*EXERCISE AIM:* What lines in the records below include the word "circle"? Return each one.

╭──

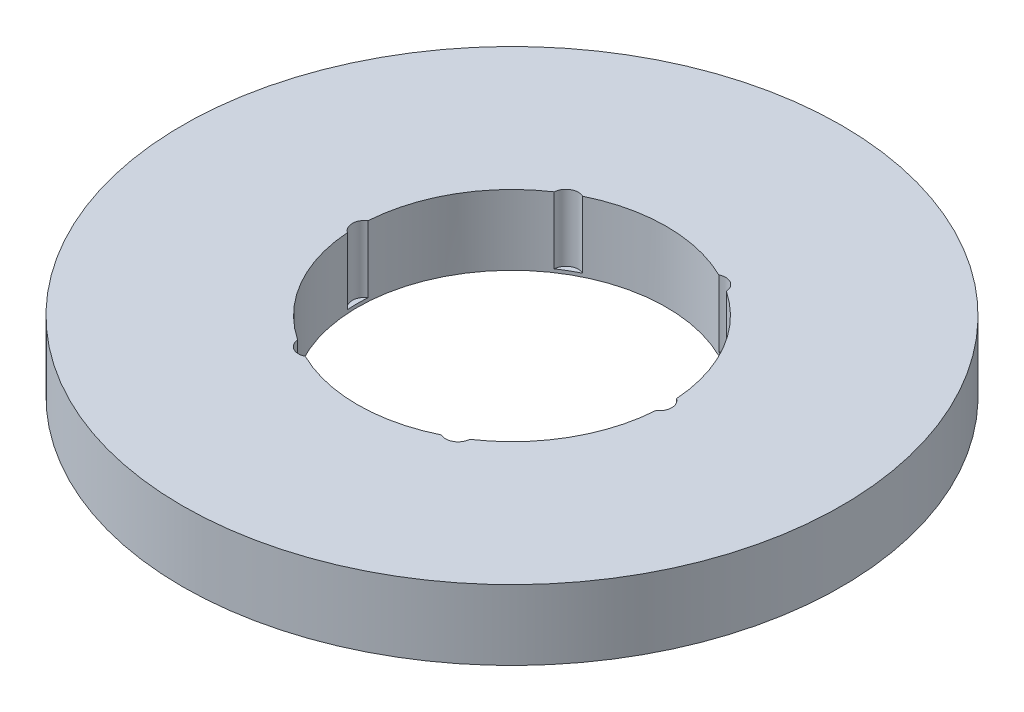
SolidWorks part; units mm, degrees
ref_plane "Front Plane" through (0, 0, 0) normal (0, 0, 1) x (1, 0, 0)
ref_plane "Top Plane" through (0, 0, 0) normal (0, 1, 0) x (1, 0, 0)
ref_plane "Right Plane" through (0, 0, 0) normal (1, 0, 0) x (0, 0, -1)
sketch "Sketch1" plane through (0, 0, 0) normal (0, 1, 0) x (1, 0, 0)
  circle A0 centre (0, 0) radius 80
  dimension "FLANGE_OD" = 160
extrude "Boss-Extrude1" add sketch "Sketch1" along normal blind 17
sketch "Sketch2" plane through (0, 0, 0) normal (0, 1, 0) x (1, 0, 0)
  circle A0 centre (0, 0) radius 37.5
  dimension "BORE_D" = 75
extrude "Cut-Extrude1" cut sketch "Sketch2" along normal through all
sketch "Sketch3" plane through (0, 17, 0) normal (0, 1, 0) x (1, 0, 0)
  circle A0 centre (0, 0) radius 35.7328 construction
  circle A1 centre (-35.7328, 0) radius 3.0281
  dimension "BOLT_D" = 6.0561
  dimension "BOLT_PCD" = 71.4655
extrude "Cut-Extrude2" cut sketch "Sketch3" against normal blind 16.1886
pattern_circular "CirPattern1" count 6 over 360 about axis through (0, 0, 0) along (0, 1, 0) of "Cut-Extrude2"

╰──

*EXERCISE OUTPUT:*
  circle A0 centre (0, 0) radius 80
  circle A0 centre (0, 0) radius 37.5
  circle A0 centre (0, 0) radius 35.7328 construction
  circle A1 centre (-35.7328, 0) radius 3.0281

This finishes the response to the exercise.